Arafat, Barak feel weight of Lebanon

May 25, 2000|By Shibley Telhami

THE IMAGES were strikingly different.

As Israeli forces suddenly pulled out of South Lebanon and their allies in the South Lebanon Army surrendered or escaped, the gates of the notorious Khiam Prison were opened and all the Lebanese prisoners were released unconditionally.

By contrast, seven years after the signing of the Oslo accords, the continued detention of hundreds of Palestinian prisoners is challenging Yasser Arafat's authority.

While Lebanese celebrated Israel's swift withdrawal without a deal as a "glorious victory" and Israeli newspapers described the same events as a "humiliation," Israelis and Palestinians missed the May 13 deadline for an agreement.

These contrasting images will sour the domestic moods in Israel and the Palestinian territories and complicate the negotiations between Mr. Arafat and Israeli Prime Minister Ehud Barak.

The first complication is inescapable: The Palestinian public will ask whether negotiations pay. Mr. Arafat will come under dual pressure.

First, his militant opponents will have a new weapon at their disposal in gaining public support. They will have the added weight of a regional sentiment that, too, is celebrating "Lebanon's victory" and giving advice to those negotiating with Israel.

Second, Mr. Arafat will be under pressure to deliver an agreement quickly and his supporters will insist on fewer compromises. If Hezbollah got a full and unconditional withdrawal from Lebanon through the gun, how can Mr. Arafat explain significant compromise on the negotiating table?

But Mr. Arafat will not have an easy time of it with Mr. Barak.

While the Israeli leader needs an agreement with the Palestinians quickly to balance the conclusions drawn from events in Lebanon, he will pay a domestic price in the next few months for his sudden withdrawal.

Even as he delivered on his campaign promise to bring Israeli soldiers home, there is no escaping the prevalent psychology of defeat and humiliation. Celebrations in Lebanon and the Arab world, pictures of Hezbollah forces moving closer to Israel's border and sight of homeless allies feeling betrayed will overshadow Mr. Barak's meeting his commitment to his electorate. This will add up to a weakness that undermines Mr. Barak's own ability to compromise quickly.
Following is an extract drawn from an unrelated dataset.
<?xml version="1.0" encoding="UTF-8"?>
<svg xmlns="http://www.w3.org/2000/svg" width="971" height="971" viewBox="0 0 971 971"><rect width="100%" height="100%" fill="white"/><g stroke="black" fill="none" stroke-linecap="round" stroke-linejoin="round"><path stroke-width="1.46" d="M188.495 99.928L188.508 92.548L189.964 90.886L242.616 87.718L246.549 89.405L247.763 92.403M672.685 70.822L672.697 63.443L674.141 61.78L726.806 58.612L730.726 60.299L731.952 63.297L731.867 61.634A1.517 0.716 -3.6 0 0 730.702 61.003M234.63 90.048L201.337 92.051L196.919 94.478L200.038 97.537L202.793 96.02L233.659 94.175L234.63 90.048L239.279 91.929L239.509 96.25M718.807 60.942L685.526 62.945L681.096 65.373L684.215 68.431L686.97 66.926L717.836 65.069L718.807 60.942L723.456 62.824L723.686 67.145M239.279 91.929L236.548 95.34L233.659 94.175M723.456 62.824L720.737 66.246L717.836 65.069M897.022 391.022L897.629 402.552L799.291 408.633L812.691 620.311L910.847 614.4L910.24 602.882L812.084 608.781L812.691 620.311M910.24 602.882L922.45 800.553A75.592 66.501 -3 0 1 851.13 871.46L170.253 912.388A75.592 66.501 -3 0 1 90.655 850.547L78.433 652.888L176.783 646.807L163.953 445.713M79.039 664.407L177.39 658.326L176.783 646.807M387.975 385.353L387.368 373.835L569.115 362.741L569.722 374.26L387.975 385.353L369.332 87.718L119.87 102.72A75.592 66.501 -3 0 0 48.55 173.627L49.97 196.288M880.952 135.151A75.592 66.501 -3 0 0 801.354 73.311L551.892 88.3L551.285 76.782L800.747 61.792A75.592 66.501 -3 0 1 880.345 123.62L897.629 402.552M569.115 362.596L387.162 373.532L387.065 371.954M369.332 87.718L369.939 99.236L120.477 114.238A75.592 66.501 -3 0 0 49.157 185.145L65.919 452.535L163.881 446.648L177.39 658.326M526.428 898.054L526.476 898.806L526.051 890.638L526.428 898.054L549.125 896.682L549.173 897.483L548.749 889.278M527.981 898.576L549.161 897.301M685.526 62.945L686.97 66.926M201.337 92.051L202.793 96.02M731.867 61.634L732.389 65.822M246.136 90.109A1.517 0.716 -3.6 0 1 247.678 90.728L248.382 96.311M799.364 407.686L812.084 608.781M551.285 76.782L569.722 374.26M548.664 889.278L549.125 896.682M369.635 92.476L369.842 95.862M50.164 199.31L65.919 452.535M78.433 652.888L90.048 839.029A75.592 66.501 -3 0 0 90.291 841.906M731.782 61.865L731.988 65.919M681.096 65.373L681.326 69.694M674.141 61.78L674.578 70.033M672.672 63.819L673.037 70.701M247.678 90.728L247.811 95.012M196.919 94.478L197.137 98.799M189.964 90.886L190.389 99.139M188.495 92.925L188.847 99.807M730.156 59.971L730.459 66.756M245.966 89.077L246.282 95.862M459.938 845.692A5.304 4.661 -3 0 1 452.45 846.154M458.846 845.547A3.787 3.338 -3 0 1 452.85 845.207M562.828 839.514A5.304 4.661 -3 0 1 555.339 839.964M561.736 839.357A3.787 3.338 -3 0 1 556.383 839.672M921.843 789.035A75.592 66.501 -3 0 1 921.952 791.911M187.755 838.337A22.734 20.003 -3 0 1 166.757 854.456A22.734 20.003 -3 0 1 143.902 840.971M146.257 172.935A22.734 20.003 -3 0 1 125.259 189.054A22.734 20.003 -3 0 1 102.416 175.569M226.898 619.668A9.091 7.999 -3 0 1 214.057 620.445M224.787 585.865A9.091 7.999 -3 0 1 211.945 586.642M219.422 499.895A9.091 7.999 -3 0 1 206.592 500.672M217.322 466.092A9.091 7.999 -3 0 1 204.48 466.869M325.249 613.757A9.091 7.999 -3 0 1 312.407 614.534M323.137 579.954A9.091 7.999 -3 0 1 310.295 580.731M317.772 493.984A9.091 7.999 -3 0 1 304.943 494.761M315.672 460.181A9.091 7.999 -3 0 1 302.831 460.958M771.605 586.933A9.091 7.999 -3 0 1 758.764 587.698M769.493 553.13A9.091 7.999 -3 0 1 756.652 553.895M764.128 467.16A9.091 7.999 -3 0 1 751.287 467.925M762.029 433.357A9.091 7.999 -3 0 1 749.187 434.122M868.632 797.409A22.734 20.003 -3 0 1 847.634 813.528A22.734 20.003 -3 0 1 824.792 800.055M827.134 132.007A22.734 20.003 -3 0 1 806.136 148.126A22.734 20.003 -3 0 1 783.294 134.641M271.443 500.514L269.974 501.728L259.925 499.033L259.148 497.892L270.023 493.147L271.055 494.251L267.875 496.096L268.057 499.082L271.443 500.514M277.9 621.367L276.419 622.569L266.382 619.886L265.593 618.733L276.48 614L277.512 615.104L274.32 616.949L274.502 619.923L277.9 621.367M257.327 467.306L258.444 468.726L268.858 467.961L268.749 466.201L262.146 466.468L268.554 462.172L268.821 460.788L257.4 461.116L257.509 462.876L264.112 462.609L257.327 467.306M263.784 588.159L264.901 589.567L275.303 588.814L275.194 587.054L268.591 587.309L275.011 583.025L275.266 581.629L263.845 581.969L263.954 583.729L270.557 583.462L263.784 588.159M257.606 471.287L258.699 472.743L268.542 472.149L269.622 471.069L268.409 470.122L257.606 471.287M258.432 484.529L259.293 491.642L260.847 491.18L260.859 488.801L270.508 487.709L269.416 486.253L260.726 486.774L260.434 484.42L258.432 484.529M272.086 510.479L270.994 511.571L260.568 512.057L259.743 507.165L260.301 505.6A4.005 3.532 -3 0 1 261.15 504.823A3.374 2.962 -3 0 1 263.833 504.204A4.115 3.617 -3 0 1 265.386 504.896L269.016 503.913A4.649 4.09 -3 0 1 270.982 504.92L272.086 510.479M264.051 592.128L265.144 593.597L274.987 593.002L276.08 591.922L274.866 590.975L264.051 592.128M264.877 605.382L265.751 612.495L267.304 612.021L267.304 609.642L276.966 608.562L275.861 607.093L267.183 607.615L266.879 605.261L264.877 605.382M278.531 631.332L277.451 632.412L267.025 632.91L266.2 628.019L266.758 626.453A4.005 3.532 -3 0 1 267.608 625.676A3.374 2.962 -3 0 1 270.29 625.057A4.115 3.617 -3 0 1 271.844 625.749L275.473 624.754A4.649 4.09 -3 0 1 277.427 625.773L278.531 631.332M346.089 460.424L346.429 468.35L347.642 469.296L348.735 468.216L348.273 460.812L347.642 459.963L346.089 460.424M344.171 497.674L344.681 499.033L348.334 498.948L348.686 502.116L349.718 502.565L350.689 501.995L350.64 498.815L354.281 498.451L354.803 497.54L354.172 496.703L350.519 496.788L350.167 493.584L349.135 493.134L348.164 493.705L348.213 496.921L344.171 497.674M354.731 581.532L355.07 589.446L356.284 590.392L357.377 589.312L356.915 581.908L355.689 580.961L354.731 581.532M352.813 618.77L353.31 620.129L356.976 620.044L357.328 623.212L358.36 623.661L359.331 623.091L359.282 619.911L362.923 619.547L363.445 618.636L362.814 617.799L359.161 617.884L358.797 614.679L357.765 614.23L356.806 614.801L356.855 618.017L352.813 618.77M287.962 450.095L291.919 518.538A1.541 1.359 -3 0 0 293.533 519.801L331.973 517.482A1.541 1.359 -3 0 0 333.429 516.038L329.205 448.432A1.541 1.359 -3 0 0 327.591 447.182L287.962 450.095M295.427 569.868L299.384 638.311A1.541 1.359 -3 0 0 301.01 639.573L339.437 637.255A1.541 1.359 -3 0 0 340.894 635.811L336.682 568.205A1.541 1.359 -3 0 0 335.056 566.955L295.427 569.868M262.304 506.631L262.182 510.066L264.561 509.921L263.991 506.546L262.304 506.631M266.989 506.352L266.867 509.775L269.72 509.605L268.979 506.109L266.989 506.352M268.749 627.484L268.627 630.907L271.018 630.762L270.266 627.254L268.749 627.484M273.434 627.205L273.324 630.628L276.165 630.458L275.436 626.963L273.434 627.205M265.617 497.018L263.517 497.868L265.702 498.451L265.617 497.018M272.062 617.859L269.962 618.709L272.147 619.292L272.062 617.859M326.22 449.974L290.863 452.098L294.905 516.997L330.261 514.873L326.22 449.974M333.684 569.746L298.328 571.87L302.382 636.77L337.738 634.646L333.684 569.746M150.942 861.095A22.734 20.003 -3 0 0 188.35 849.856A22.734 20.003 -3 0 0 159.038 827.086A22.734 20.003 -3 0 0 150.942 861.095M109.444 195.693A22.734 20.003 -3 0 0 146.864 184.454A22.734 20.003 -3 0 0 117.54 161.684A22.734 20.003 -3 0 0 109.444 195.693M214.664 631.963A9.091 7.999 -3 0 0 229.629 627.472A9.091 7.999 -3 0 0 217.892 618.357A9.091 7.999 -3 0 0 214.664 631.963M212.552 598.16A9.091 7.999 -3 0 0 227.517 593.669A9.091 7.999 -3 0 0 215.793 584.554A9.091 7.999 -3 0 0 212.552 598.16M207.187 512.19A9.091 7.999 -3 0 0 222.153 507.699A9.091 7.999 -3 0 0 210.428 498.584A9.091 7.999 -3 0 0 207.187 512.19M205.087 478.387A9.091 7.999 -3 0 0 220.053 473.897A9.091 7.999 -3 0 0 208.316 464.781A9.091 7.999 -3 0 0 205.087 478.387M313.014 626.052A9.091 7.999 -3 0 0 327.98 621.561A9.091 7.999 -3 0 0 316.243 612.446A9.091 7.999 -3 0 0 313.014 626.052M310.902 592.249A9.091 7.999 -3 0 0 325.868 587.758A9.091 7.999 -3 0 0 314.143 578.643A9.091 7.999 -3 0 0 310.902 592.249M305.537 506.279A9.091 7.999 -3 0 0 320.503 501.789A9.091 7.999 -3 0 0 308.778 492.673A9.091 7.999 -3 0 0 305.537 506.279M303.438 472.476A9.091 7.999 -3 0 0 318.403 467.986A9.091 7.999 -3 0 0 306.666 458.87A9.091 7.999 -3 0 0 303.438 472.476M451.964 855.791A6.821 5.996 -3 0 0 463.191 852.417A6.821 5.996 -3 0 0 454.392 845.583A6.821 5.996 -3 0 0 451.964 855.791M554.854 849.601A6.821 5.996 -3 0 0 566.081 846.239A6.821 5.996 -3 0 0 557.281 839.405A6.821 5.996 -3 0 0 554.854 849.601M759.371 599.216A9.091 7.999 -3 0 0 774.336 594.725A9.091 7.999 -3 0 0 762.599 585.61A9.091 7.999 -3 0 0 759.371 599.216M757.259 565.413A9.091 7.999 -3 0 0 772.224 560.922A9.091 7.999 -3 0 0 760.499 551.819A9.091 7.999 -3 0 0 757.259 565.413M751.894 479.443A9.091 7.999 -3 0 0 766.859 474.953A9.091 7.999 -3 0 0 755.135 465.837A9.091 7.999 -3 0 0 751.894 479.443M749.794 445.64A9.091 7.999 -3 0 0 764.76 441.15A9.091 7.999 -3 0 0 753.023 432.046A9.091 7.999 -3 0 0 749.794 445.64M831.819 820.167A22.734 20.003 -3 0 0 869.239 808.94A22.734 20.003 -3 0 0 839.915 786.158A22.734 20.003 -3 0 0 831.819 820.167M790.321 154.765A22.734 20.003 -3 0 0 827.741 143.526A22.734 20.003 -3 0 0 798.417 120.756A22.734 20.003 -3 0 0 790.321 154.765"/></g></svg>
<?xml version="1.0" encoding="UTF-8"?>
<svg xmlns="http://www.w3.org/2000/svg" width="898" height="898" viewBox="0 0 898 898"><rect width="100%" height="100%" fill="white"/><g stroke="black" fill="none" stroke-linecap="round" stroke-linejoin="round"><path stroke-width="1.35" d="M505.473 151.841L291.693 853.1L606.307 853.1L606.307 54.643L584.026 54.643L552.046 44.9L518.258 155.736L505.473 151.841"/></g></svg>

The result of the Lebanon events is that they increase the urgency for Mr. Barak and Mr. Arafat to clinch a deal while they tie their hands even more. But the events also demonstrate how quickly tides shift and how leaders lose control.

Although Mr. Arafat and Mr. Barak have understood the need to move swiftly and have set deadlines to create a sense of urgency, they have negotiated as if they have all the time in the world and as if their "toughness" in the negotiations will gain them points with their publics. Instead, they find that delays in the agreement are costing them both much more than any gains they may get by not compromising.

Mr. Barak did not prefer a unilateral withdrawal from Lebanon and sought an agreement with Syria and Lebanon. Even after the failure of a meeting between President Clinton and Syria's Hafez Assad to bridge the gap between Israel and Syria, Mr. Barak and Mr. Assad assumed that a small window of opportunity remained before July 7, the target date for Israel's pullout.

The planned withdrawal was thought to provide incentives for both sides to make a last effort to clinch a deal. But the minute preparations began for such a withdrawal, Mr. Barak lost control. Intensified attacks by Hezbollah and the unexpected collapse of the SLA accelerated the withdrawal plans. The "window of opportunity" turned out to be illusionary.

In the long term, Israel has the ability and will find a way to address any threats on its border with Lebanon. The biggest problem in the short term will be the impact on its pressing negotiations with the Palestinians.

The challenges Mr. Arafat and Mr. Barak face have grown bigger. But if there is a positive lesson to be learned from Lebanon, it is that waiting will make the challenges greater yet.

Shibley Telhami holds the Anwar Sadat Chair for Peace and Development at the University of Maryland, College Park.